Arquitetura de modelo

O Cookiecutter é uma ferramenta de código aberto que permite a criação de templates de projetos de forma simples. De acordo com a documentação oficial, ao definir um template, os desenvolvedores podem padronizar a estrutura de arquivos e pastas, essencial para a organização de projetos em deep learning.

“A configuração inicial muitas vezes é um desafio que desencoraja muitos programadores.”
(“The initial setup is often a challenge that discourages many programmers.”)

— Autor Desconhecido, Cookiecutter

Treinamento e otimização

Com a instalação rápida via pip, qualquer desenvolvedor pode utilizar o Cookiecutter, independentemente da experiência prévia em programação. O processo inclui a definição de variáveis essenciais no arquivo cookiecutter.json, o que garante que todos os projetos gerados sejam consistentes e fáceis de manter. Isso tem um impacto direto no tempo de treinamento dos modelos, permitindo que engenheiros e cientistas de dados concentrem seus esforços em problemas de machine learning em vez de preocupações técnicas iniciais.

“Depois que a estrutura básica está definida, o foco se desloca para a implementação de algoritmos.”
(“Once the basic structure is defined, the focus shifts to the implementation of algorithms.”)
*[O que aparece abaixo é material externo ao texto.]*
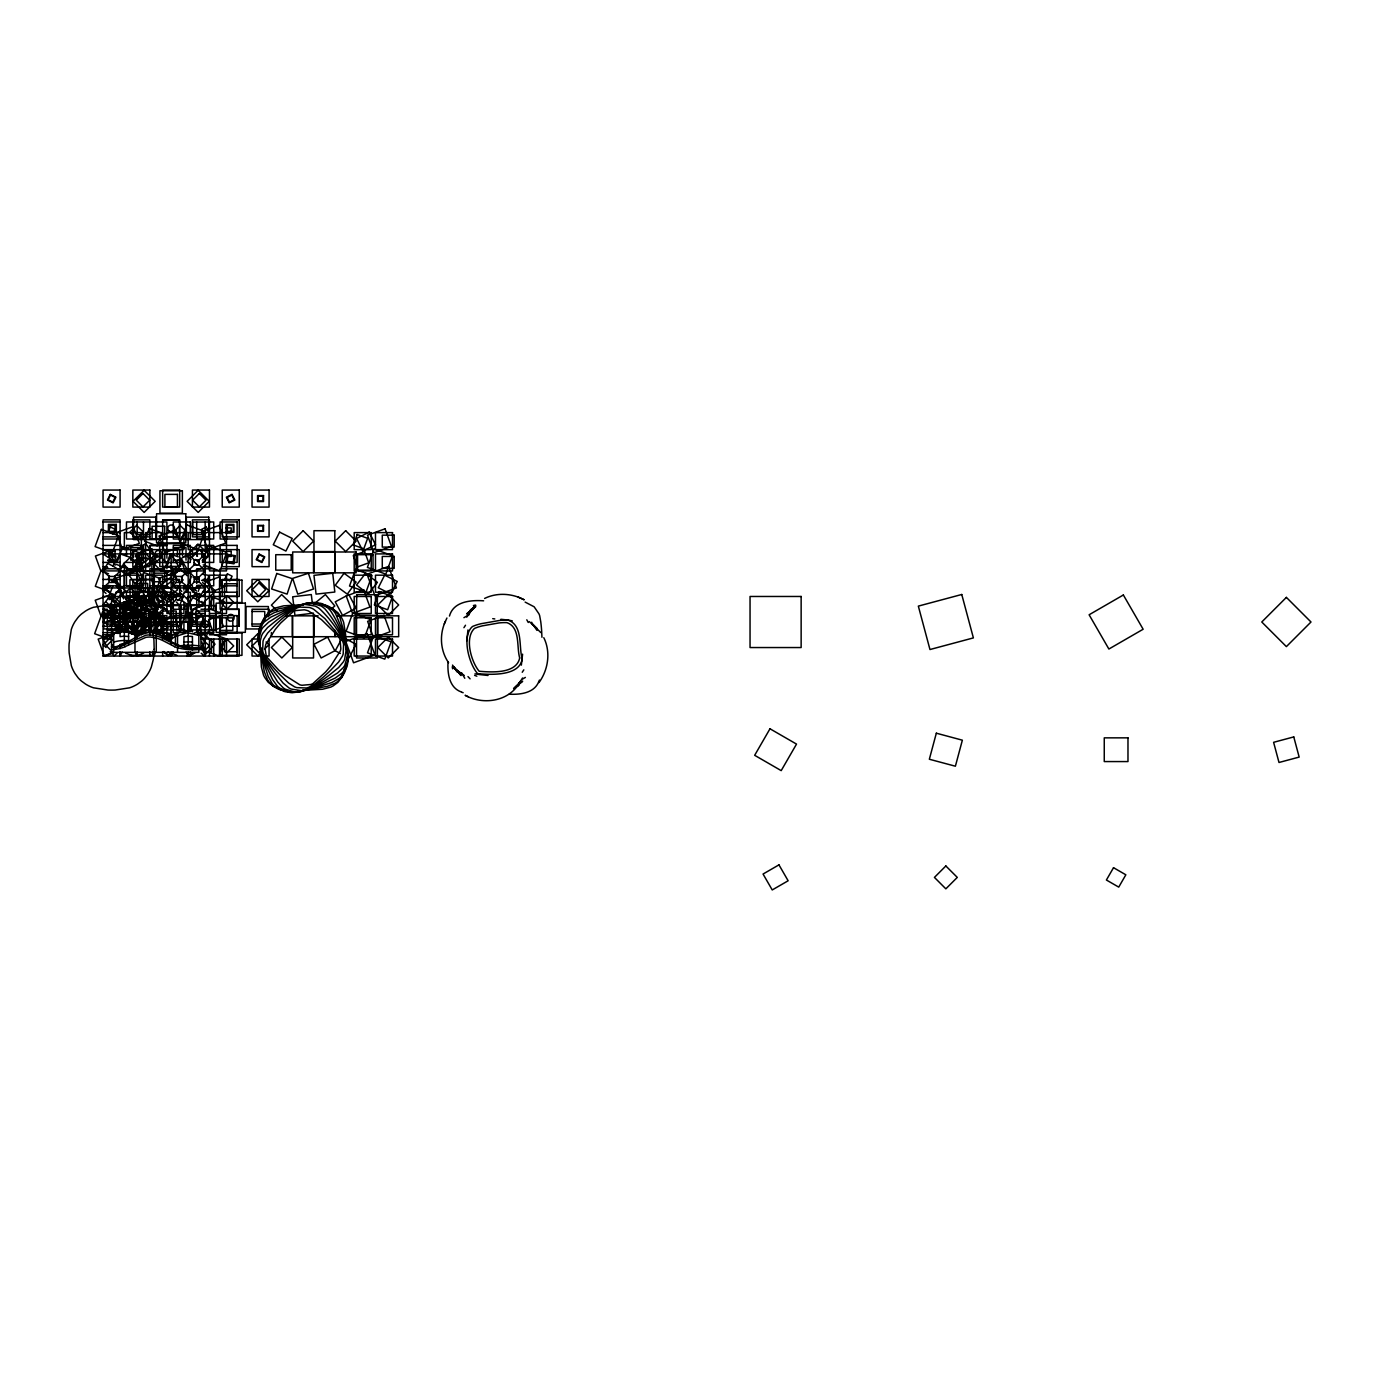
<?xml version="1.0" encoding="UTF-8"?>
<svg xmlns="http://www.w3.org/2000/svg" width="1380" height="1380" viewBox="0 0 1380 1380"><rect width="100%" height="100%" fill="white"/><g stroke="black" fill="none" stroke-linecap="round" stroke-linejoin="round"><path stroke-width="1.5" d="M259.561 633.524L260.665 625.157A40.572 40.572 0 0 1 261.648 622.553L264.477 617.516L268.652 613.531A40.572 40.572 0 0 1 270.946 611.944L278.777 608.804L292.457 606.303A285.281 285.281 0 0 1 303.255 604.94A287.023 287.023 0 0 0 297.632 605.027L283.676 605.82L275.465 607.976A40.831 40.831 0 0 0 272.964 609.27L268.289 612.72L264.839 617.412A40.814 40.814 0 0 0 263.546 619.896L262.459 622.639M119.905 615.118L120.077 604.975L113.436 599.955L108.296 598.23L103.052 604.975L113.195 608.425L119.905 615.118L113.195 621.828L106.484 615.118L113.195 608.425M136.93 564.041L137.103 553.898L139.346 558.21L139.346 570.751L130.22 570.751L123.51 564.041L130.22 557.33L136.93 564.041L130.22 570.751M170.982 615.066L164.22 607.976L157.13 614.738L163.892 621.828L170.982 615.066L171.155 604.975L167.946 594.866L161.046 588.122L154.301 595.022L137.724 589.157L143.796 572.476L160.477 578.548L154.405 595.229L161.201 601.766L167.946 594.866M154.301 595.022L154.301 564.041L161.012 557.33L167.722 564.041L161.012 570.751L154.301 564.041M171.155 639.457L171.155 553.898L178.417 565.99L166.842 573.166L154.301 573.166M142.657 609.374L143.692 608.804L143.572 610.012M109.934 608.132L110.331 603.44M149.575 630.522L149.54 625.847L146.815 619.396L134.498 612.289L127.391 624.605L139.708 631.73L146.815 619.396M143.727 621.828L137.275 613.514L145.607 607.062L152.042 615.394L143.727 621.828L122.337 621.828L120.077 622L119.905 624.243L107.364 624.019M154.129 587.949L137.103 587.949L137.103 570.923M345.673 647.548L345.621 634.731L343.672 622.518A19.199 19.199 0 0 0 342.654 619.861A35.242 35.242 0 0 0 341.395 617.429L337.928 612.72L333.253 609.27A41.107 41.107 0 0 0 330.769 607.976L328.026 606.907M152.939 600.335L153.801 589.726M466.733 640.941L467.975 629.953M522.589 654.155L521.347 665.143M195.063 621.828L188.353 615.118L195.063 608.425L201.773 615.118L195.063 621.828L173.397 621.828L171.155 622L170.982 623.812L157.562 623.812L154.129 622L152.042 615.394M346.501 664.798L346.207 667.213A19.079 19.079 0 0 1 345.535 669.956A35.035 35.035 0 0 1 344.586 672.509L341.757 677.58L337.565 681.565A40.848 40.848 0 0 1 335.271 683.152L327.44 686.291L313.76 688.793A285.281 285.281 0 0 1 302.962 690.155M144.866 614.807L146.383 604.268M157.199 600.869L158.855 590.364M161.046 588.122L171.155 587.949L176.209 582.429L182.195 582.429L195.477 593.003L185.938 609.287L173.397 609.287L171.155 604.975L176.019 599.507L177.071 593.452L166.842 585.707L154.301 585.707M188.353 615.118L188.18 604.975L182.074 600.576L183.143 594.521L194.149 581.998L199.255 581.998L205.206 587.949L197.84 600.076L205.206 604.975L195.063 608.425M344.258 670.197L344.552 668.714M111.107 598.782L111.573 596.471L111.573 649.756A45.023 45.023 0 0 0 125.201 646.72M120.595 631.54L127.581 605.492L137.586 608.183M148.781 630.505L153.611 612.479L141.588 609.253M445.464 621.241C439.271 634.369 440.203 650.756 448.604 662.711M152.732 651.774L154.129 656.052L155.543 651.774M449.466 616.049C453.485 601.318 470.994 599.938 483.621 600.817M108.675 557.192L109.727 554.036L116.058 556.14L113.936 562.454L107.623 560.349M109.434 575.65L108.296 579.082L113.436 580.79L115.161 575.65M108.296 598.23L110.003 593.09L103.052 587.949L109.037 582.429L115.04 582.429L120.077 587.949L122.475 594.159L128.495 602.594L136.93 596.557L130.91 588.122L122.475 594.159M113.436 599.955L115.161 594.797L120.077 587.949L124.39 585.707L136.93 585.707M167.722 564.041L171.155 553.898M117.041 562.471L122.768 546.756L140.432 553.19L133.998 570.854L116.334 564.437M112.729 586.138L110.642 591.882L95.306 586.31L100.895 570.975L108.554 573.769M114.126 582.308L115.523 578.462M125.252 602.905L123.286 608.287L135.844 612.858L139.76 602.094M126.563 599.317L127.857 595.746L140.415 600.3M119.577 631.781L123.838 620.103L102.431 612.323L94.633 633.713L112.142 640.096M181.453 560.297L177.83 570.216L165.928 565.886L170.258 553.984L178.192 556.865M159.304 634.472L165.462 617.567L144.797 610.064L137.275 630.712L142.916 632.764M178.9 607.873L182.764 597.264L170.378 592.762L165.876 605.13L172.949 607.718M191.303 576.495L187.318 587.414L196.426 590.726M202.722 560.47L208.138 545.6L226.734 552.362L219.955 570.958L203.222 564.869M198.237 591.382L200.221 585.931M197.254 634.627L203.447 617.636L186.438 611.461L180.263 628.452L187.818 631.195M202.204 647.668L207.845 632.161L225.302 638.509L218.937 655.966L201.497 649.618M157.13 614.738L154.129 622L150.696 623.812L137.275 623.812L137.103 622M142.64 609.08L143.486 610.046M148.022 615.721L152.231 605.941M444.274 623.915L446.913 618.016M123.51 564.041L120.077 570.923L115.04 576.443L109.037 576.443L103.052 570.923L110.469 558.917L103.052 553.898L205.206 553.898L205.206 656.052L201.773 645.909M136.93 573.166L124.39 573.166L112.815 565.99L120.077 553.898L130.22 557.33M109.417 607.89L110.348 607.804M107.364 624.243L103.052 622L106.484 615.118M154.129 570.923L151.886 570.751L151.886 558.21L154.129 553.898L161.012 557.33M120.008 652.257L120.077 656.052L122.182 652.016M164.41 652.843L171.155 656.052L173.259 652.016M341.619 639.009L342.068 639.854A15.991 15.991 0 0 1 342.947 642.045A29.36 29.36 0 0 1 343.568 644.236L343.206 653.844A34.241 34.241 0 0 1 342.43 656.035L338.635 662.003L330.545 670.404A239.137 239.137 0 0 1 323.869 676.614L314.882 684.049L308.654 687.378A34.017 34.017 0 0 1 306.395 687.999L296.821 687.637A34 34 0 0 1 294.613 686.861L288.644 683.066L280.244 674.975A238.809 238.809 0 0 1 274.051 668.3L266.616 659.312L263.269 653.085A34 34 0 0 1 262.666 650.825L263.011 641.252A34.017 34.017 0 0 1 263.804 639.043L267.599 633.092L275.672 624.692A239.137 239.137 0 0 1 282.365 618.482L291.353 611.047L297.58 607.7A34.241 34.241 0 0 1 299.839 607.096L309.43 607.459A29.36 29.36 0 0 1 311.587 608.218A15.991 15.991 0 0 1 313.709 609.27L324.904 618.602L341.084 638.06L341.619 639.009L335.254 650.791L340.377 653.482M348.933 657.967L356.109 644.305L344.138 638.009M139.173 588.242L139.294 600.956L134.93 609.011L135.05 621.707M157.01 618.171L149.851 630.557A19.872 19.872 0 0 0 141.398 632.764M538.994 682.565C548.257 669.818 550.896 652.05 543.806 637.698M517.88 685.343L520.433 681.341L517.88 685.343C506.374 702.041 482.103 704.801 465.129 695.296L468.355 696.745M471.443 609.753L468.872 613.755L475.065 605.303L466.733 617.119M463.922 627.693L465.509 625.226M522.572 677.977L517.414 685.929L519.863 682.393L513.567 688.586M522.226 672.267L523.814 669.852M471.908 609.167L469.459 612.703L475.738 606.51L466.63 613.928L472.961 608.752M118.042 633.541L123.113 626.71M151.007 617.447L157.355 608.908M200.6 636.197L203.326 633.265L215.038 644.184L204.119 655.897L201.187 653.171M204.033 651.429L209.294 645.788L202.239 639.199M289.334 607.838L292.267 604.802L281.641 594.556L271.394 605.164L277.466 611.012M192.614 556.709L199.358 549.809L206.258 556.554L202.204 560.694M183.057 579.859L180.366 582.619L173.449 575.874L180.194 568.974L187.094 575.702M202.377 562.35L209.381 555.191L197.927 543.996L186.731 555.467L191.026 559.659M108.796 585.189L103.258 590.726L106.036 593.486M111.556 582.412L114.333 579.652L125.408 590.726L114.333 601.784L108.796 596.264M110.521 585.568L106.484 589.588L113.195 596.298L119.905 589.588L115.886 585.568M109.175 599.679L113.195 595.643L119.905 602.353L113.195 609.063L106.484 602.353M137.103 610.581L125.666 622L137.103 633.437L148.54 622L138.535 611.995M114.333 633.713L103.258 644.788L106.036 647.548M120.25 630.522L120.077 519.846L103.052 519.846L103.052 656.052L113.195 652.619L106.484 645.909L111.866 640.544M205.206 553.898L199.255 559.866L194.149 559.866L188.18 553.898L180.78 558.917L188.18 570.923L194.149 576.892L199.255 576.892L205.206 570.923L199.255 564.972L194.149 564.972L182.195 576.443L176.209 576.443L171.155 570.923L161.012 570.751M117.093 653.085L114.333 655.845L110.176 651.705M153.025 630.695L161.719 622L158.821 619.102M257.784 633.713L246.71 644.788L257.784 655.845L261.941 651.705M258.905 639.199L252.212 645.909L258.905 652.619L261.596 649.946M264.701 648.928L268.859 644.788L266.081 642.011M131.445 601.49C124.855 606.924 121.923 617.377 127.391 624.605M177.692 600.611L183.385 595.194L190.147 602.301L184.471 607.718M192.286 590.709L198.203 585.068M195.425 589.191L199.686 585.137M203.567 602.56L215.418 591.261L204.119 579.41M159.442 618.585L159.442 617.792M148.16 632.471A22.27 22.27 0 0 1 156.251 633.731A43.263 43.263 0 0 1 164.237 637.388L168.791 633.265L172.88 637.664M172.397 651.809L167.998 655.897L163.91 651.498M112.505 631.316L120.474 624.26M153.646 619.879L161.615 612.823M313.967 603.957L325.421 594.556L334.822 605.993L331.562 608.684M516.361 686.343L522.675 681.168L515.189 687.275M150.041 600.731L158.372 594.297L164.824 602.629L156.492 609.063L151.334 602.405M180.176 592.779L167.549 602.56L156.561 588.346L170.775 577.357L174.432 582.084M149.713 558.245L141.26 564.282L135.24 555.847L143.675 549.809L148.505 556.571M171.155 637.836L168.584 639.613M171.155 638.63L169.637 639.682M475.427 606.545L470.304 610.046L475.307 606.889M513.895 688.534L519.018 685.032L515.672 687.154M128.599 640.648L126.218 642.114M169.067 640.303L173.811 637.439A58.547 58.547 0 0 1 175.415 636.542L187.49 632.678L198.824 635.352M128.599 641.252L125.149 642.718A40.779 40.779 0 0 1 121.699 644.426L120.077 645.081M134.498 612.289L136.517 611.081M139.708 631.73L135.533 633.869M155.802 622.863L164.962 617.447M109.141 626.675L118.318 621.276M136.93 611.495L124.562 618.637L133.739 634.559L149.644 625.364L140.467 609.46M158.717 632.368L164.117 629.245L144.348 594.987L110.09 614.773L119.456 630.988M127.029 642.2L125.684 642.942A39.071 39.071 0 0 1 120.077 645.426M463.922 617.671L469.286 614.618M522.779 678.926L525.383 677.425M135.257 598.73L148.678 594.918L162.65 596.471M106.484 645.909L103.052 639.026L107.364 636.784L111.538 636.784M188.18 622L188.353 624.243L200.893 624.243L205.206 622L201.773 615.118M121.457 625.036L130.91 620.155M143.296 623.864L152.749 618.982M170.637 641.631L165.359 637.457A66.93 66.93 0 0 0 162.65 635.852M176.054 561.281L180.78 558.917M178.417 565.99L183.126 563.627M176.347 645.15L162.65 638.302A39.451 39.451 0 0 0 155.474 635.68L149.868 634.938A21.304 21.304 0 0 0 145.78 635.266L124.338 644.788L125.166 644.46M186.076 652.016L188.18 656.052L195.063 652.619M134.999 652.016L137.103 656.052L143.848 652.843M161.201 601.766L145.607 607.062M125.166 646.582L145.78 637.405A21.166 21.166 0 0 1 150.662 637.077L155.474 637.836A40.434 40.434 0 0 1 163.444 640.855L174.605 646.599M484.604 598.437C497.041 592.331 512.101 593.314 524.193 599.8L518.293 597.161M157.406 626.227L167.377 622.553M106.709 621.535L116.713 617.878M107.899 567.87L100.671 570.509L95.41 556.054L109.865 550.793L115.126 565.248M115.989 578.099L136.758 570.544L144.314 591.313L125.442 598.196M184.316 556.761L196.046 552.5L197.478 556.399M179.176 570.906L158.579 578.393L166.066 599.006M201.739 568.129L186.11 573.821L180.418 558.193M144.641 600.835L156.596 596.471L160.96 608.442M167.946 598.316L181.056 593.555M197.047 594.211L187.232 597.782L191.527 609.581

— Autor Desconhecido, Cookiecutter

Resultados e métricas

As métricas de produtividade tem mostrado que o uso do Cookiecutter pode reduzir significativamente o tempo de configuração de novos projetos. A possibilidade de pré-definir variáveis como o nome do projeto ou a versão do Python permite uma redução no número de erros, aumentando assim a acurácia dos modelos desenvolvidos.

“A redução de erros e a agilidade na criação são cruciais para manter a competitividade.”
(“Error reduction and speed in creation are crucial to maintain competitiveness.”)

— Autor Desconhecido, Cookiecutter

O avanço na automação de projetos por meio do Cookiecutter representa uma evolução significativa no campo de machine learning e deep learning. A praticidade de sua utilização pode influenciar empresas a adotarem melhores práticas na estruturação de projetos, promovendo um ambiente colaborativo e eficiente.

Fonte: (Towards Data Science – AI, ML & Deep Learning)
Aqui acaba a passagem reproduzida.